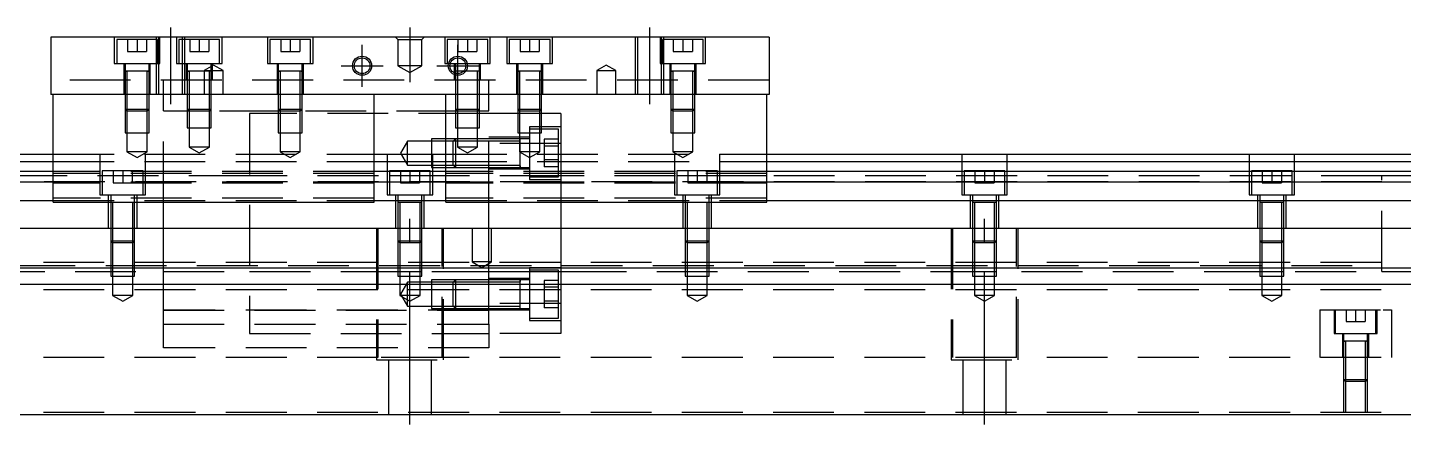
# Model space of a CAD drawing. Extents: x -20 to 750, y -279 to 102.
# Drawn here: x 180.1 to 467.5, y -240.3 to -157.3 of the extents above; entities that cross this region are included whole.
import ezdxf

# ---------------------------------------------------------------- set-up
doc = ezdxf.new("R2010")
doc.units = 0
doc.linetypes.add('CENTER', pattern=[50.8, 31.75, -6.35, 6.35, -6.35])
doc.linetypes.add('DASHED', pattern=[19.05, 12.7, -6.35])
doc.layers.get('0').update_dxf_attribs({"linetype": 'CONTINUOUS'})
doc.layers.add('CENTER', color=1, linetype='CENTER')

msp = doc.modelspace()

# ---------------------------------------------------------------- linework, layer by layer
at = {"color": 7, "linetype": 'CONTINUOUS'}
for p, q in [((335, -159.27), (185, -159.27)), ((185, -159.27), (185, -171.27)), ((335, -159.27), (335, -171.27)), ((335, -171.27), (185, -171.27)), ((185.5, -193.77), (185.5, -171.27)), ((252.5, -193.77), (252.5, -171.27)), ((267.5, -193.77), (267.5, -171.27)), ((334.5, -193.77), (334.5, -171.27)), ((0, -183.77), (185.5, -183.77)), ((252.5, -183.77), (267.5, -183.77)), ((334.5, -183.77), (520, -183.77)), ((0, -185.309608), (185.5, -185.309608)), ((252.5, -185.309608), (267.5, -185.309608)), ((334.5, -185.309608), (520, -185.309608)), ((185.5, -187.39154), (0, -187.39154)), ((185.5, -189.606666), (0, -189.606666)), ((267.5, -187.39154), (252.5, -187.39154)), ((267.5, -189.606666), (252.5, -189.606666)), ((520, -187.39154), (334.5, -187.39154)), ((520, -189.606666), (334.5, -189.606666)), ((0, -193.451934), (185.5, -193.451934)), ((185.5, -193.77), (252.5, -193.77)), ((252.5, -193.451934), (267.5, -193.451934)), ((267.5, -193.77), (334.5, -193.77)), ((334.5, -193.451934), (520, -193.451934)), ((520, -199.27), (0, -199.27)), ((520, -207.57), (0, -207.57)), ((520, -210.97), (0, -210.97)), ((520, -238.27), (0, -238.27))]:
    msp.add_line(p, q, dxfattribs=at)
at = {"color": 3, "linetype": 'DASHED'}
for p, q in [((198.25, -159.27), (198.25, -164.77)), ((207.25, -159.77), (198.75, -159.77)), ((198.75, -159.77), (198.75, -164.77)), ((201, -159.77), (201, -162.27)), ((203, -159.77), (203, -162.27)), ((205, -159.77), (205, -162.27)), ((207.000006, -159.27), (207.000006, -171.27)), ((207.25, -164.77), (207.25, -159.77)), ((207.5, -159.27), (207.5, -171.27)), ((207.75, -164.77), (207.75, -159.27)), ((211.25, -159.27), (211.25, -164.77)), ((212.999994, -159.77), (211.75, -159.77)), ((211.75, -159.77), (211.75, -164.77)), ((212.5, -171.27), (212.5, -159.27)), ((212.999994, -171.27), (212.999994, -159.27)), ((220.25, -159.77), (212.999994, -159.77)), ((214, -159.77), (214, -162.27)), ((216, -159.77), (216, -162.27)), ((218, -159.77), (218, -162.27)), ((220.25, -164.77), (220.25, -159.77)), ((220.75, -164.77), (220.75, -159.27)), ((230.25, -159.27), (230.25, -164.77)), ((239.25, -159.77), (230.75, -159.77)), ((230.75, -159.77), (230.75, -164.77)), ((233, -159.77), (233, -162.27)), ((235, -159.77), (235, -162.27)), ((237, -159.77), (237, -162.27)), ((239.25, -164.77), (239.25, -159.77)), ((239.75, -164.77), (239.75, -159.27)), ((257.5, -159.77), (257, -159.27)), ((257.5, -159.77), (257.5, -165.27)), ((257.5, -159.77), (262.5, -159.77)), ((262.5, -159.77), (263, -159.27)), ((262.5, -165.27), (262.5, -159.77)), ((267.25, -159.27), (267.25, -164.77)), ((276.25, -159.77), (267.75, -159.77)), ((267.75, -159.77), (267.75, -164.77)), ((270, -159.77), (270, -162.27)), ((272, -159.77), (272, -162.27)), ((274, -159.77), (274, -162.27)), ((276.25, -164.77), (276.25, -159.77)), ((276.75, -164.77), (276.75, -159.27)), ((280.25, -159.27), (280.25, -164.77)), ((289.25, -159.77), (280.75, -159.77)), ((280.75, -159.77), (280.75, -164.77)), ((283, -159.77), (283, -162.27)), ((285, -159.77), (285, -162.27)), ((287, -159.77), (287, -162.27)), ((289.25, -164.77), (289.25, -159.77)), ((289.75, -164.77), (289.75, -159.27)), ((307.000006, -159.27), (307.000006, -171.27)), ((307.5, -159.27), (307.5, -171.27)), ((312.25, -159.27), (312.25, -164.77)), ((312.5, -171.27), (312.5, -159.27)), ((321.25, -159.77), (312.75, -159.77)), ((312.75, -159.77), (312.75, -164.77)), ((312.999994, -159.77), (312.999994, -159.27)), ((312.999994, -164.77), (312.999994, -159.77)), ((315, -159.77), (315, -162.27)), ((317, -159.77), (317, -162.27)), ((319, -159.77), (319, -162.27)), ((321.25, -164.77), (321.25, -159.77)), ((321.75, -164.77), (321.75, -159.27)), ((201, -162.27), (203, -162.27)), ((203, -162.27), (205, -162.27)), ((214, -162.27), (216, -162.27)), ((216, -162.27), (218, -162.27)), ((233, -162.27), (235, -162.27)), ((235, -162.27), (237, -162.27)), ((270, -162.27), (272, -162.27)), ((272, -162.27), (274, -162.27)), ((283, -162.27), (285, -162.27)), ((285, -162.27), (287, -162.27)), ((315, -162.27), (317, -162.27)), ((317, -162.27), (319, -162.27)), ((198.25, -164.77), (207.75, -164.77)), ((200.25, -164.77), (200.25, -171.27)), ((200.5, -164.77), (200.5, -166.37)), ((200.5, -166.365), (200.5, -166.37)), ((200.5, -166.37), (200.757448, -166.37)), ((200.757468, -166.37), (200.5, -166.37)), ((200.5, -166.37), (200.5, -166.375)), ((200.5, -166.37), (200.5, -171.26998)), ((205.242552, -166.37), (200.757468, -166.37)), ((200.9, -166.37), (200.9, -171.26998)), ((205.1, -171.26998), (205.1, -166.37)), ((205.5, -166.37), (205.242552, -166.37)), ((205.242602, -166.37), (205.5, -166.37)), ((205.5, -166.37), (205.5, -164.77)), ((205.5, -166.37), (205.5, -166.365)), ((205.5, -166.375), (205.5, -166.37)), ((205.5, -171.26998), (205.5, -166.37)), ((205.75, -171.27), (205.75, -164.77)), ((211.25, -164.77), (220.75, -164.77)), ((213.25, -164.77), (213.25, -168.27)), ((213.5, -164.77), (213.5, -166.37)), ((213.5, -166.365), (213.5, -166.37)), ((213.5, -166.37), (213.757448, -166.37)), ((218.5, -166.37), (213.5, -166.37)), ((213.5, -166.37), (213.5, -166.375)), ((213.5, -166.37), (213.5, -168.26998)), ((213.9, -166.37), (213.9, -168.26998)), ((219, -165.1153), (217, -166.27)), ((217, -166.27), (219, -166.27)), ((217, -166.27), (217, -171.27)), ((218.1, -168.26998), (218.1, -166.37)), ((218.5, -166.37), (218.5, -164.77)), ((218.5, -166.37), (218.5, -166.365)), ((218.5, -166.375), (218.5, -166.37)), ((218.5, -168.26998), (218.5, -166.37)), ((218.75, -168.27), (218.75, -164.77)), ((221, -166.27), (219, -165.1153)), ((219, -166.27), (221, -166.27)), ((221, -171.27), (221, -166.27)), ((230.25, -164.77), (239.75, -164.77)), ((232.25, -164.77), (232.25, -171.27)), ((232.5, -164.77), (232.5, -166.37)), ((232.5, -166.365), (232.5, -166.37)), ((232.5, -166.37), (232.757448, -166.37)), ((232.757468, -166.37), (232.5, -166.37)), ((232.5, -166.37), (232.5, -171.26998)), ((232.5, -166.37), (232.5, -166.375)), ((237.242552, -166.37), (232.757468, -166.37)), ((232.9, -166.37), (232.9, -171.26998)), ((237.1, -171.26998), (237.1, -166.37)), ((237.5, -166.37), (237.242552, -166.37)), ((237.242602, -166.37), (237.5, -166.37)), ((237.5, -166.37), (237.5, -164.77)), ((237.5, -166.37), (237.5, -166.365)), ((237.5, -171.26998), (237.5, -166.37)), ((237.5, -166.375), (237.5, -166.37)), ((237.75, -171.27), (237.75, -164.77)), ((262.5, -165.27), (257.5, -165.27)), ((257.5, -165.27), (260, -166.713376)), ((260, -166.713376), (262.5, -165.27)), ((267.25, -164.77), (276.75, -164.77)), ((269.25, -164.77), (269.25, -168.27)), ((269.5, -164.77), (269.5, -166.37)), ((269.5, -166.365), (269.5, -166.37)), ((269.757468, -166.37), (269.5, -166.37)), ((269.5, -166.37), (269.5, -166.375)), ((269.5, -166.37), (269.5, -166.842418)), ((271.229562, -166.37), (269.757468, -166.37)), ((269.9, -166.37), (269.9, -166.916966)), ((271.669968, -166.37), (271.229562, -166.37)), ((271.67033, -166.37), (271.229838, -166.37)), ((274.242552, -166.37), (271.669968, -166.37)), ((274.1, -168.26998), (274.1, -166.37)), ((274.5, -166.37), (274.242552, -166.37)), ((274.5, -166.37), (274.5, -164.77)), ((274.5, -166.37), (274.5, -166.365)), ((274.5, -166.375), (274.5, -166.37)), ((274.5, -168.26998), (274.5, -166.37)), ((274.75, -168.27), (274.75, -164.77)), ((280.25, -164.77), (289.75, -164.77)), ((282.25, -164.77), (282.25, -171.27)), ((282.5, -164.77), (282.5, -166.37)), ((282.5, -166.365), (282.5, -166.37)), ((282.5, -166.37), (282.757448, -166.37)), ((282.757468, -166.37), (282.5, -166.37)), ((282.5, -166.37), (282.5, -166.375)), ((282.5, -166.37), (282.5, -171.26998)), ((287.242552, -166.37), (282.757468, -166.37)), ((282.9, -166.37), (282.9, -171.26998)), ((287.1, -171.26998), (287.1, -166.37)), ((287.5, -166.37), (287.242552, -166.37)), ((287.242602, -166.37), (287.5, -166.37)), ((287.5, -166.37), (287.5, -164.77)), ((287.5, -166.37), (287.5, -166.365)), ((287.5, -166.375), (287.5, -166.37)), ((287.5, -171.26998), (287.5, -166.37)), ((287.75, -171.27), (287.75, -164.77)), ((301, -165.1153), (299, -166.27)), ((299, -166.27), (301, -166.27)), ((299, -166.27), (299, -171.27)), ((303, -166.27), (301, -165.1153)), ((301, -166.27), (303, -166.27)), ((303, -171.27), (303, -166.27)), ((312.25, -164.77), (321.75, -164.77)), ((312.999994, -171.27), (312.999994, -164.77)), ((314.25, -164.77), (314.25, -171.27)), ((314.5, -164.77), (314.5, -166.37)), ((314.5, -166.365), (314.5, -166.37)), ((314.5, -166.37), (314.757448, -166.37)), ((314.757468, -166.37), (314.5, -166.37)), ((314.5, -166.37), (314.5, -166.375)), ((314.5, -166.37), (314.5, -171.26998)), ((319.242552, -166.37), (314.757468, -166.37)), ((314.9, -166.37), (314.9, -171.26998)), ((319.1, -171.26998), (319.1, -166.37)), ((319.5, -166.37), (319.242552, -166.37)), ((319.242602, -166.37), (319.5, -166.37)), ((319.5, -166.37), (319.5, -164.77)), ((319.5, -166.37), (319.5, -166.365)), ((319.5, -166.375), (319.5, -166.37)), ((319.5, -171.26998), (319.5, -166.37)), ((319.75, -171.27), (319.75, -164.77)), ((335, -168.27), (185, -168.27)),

Instructions to follow:
Give back the lines word for word, from the very first in the material above to the one that has "doc.layers.add('CENTER', color=1, linetype='CENTER')", both included, without the pictures.

Your response:
# Model space of a CAD drawing. Extents: x -20 to 750, y -279 to 102.
# Drawn here: x 180.1 to 467.5, y -240.3 to -157.3 of the extents above; entities that cross this region are included whole.
import ezdxf

# ---------------------------------------------------------------- set-up
doc = ezdxf.new("R2010")
doc.units = 0
doc.linetypes.add('CENTER', pattern=[50.8, 31.75, -6.35, 6.35, -6.35])
doc.linetypes.add('DASHED', pattern=[19.05, 12.7, -6.35])
doc.layers.get('0').update_dxf_attribs({"linetype": 'CONTINUOUS'})
doc.layers.add('CENTER', color=1, linetype='CENTER')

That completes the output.